Alternatively, refer to FIG. 5, another embodiment of the present application is disclosed, wherein the button body 20 is a hollow semi-conical structure, the conductive rubber 30 is disposed on the bottom portion of the button body 20, and the bottom portion of the button body 20 surrounds the capacitive touch sheet 10 and contacts the touch screen A. In this embodiment, since a conductivity of the button body 20 is less than a conductivity of the conductive rubber 30, and the conductive rubber 30 only contacts the button body 20 and does not contact the touch screen A, when the conductive rubber 30 is actuated by force, it will not cause the capacitance of the touch screen A to change, thereby improving an accuracy of the output signal of the button structure.

It should be further explained that since the button structure of the projected capacitive touch panel provided in the present application can be directly placed on the touch screen A by placing the capacitive touch sheet 10, the button body 20, the conductive rubber 30, and the button cap 40, the applications of the additional buttons will no longer be limited by the mold and matching circuit like the buttons of the traditional panel. For example, the button structure of the projected capacitive touch panel provided in the present application can be directly mounted on advertising panels, car dashboards, tablet computers, or panels in different applications such as washing machines and ATM interfaces, without the need to modify the sensing circuit in the panel and the external mold to complete the button addition.
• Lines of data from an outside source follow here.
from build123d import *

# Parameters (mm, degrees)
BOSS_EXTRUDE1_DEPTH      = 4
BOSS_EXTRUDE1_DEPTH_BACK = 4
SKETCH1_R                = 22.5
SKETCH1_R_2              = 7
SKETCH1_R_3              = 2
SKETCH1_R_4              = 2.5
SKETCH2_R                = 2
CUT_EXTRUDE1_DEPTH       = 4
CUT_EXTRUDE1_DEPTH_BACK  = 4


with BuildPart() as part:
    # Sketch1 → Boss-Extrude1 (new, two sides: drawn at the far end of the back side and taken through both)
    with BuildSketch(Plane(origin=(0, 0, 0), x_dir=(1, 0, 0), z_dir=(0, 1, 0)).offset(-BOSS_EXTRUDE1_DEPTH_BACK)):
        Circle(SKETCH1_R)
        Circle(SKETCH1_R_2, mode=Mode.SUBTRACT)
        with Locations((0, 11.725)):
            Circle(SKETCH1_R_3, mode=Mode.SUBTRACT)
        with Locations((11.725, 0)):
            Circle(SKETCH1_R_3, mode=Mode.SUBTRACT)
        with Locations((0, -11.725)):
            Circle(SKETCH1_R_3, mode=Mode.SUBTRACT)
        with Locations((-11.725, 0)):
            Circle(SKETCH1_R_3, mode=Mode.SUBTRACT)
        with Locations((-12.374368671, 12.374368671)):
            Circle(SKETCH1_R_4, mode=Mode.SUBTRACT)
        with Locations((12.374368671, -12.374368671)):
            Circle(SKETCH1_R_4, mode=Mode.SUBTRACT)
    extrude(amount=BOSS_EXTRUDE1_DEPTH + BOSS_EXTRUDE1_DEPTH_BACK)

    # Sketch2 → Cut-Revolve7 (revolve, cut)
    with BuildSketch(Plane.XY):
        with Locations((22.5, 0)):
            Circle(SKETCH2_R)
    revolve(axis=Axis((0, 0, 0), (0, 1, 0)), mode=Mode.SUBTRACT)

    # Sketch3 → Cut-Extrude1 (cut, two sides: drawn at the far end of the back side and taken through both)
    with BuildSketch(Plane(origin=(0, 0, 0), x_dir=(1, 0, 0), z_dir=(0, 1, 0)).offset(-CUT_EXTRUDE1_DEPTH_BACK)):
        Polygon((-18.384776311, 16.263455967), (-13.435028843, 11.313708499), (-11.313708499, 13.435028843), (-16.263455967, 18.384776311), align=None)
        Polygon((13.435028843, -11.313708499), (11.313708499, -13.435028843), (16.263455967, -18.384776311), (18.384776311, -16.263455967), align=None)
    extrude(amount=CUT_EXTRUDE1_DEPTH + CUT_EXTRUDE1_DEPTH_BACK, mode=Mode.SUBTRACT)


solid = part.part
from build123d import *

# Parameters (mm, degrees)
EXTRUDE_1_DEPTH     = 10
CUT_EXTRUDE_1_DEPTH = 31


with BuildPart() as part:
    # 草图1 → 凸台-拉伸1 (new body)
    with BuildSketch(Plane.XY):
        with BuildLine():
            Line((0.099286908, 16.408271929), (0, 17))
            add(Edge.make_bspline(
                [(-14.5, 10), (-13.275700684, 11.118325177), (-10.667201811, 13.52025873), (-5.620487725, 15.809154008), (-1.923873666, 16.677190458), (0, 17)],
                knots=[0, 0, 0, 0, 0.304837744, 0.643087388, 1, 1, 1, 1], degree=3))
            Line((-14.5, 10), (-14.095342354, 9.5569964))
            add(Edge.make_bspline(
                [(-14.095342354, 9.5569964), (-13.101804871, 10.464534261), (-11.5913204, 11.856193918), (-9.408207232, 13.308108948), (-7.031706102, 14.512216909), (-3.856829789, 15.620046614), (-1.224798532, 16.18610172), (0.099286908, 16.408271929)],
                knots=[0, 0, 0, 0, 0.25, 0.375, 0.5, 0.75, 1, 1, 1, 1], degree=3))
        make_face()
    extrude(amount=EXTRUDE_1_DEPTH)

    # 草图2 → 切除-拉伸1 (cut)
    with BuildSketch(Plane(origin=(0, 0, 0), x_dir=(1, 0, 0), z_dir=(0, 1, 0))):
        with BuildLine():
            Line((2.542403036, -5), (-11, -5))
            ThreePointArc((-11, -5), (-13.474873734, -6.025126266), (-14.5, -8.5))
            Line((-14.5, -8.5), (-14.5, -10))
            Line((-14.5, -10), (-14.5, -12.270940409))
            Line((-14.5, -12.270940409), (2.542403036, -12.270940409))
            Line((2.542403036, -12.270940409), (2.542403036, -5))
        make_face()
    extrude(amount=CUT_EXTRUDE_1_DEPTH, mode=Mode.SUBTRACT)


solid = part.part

The present application has at least the following beneficial effects. The present application provides a button structure of projected capacitive touch panel, which generates an input signal to the touch screen by setting a capacitive touch sheet and a conductive rubber between the touch screen and the cap, and generates a physical tactile feedback on the touch screen by connecting the conductive rubber and the capacitive touch sheet, and achieves the technical effect of providing accurate identification of the output signal and solving the technical problem of easily misjudging whether the button is pressed.

It should be noted that the combination of the various elements in the present application preferably forms the above-mentioned multiple embodiments, but this should not be interpreted as a limitation on the present application. That is, the various elements in the present application can also have more combinations and are not limited to the above-mentioned multiple embodiments.

Specific examples are used herein to illustrate the principles and implementation methods of the present application. The description of the above embodiments is only used to help understand the technical solution and core idea of the present application. Those skilled in the art should understand that they can still modify the technical solutions described in the aforementioned embodiments, or make equivalent replacements for some of the technical features therein, and these modifications or replacements do not make the essence of the corresponding technical solutions deviate from a scope of the technical solutions of the embodiments of the present application.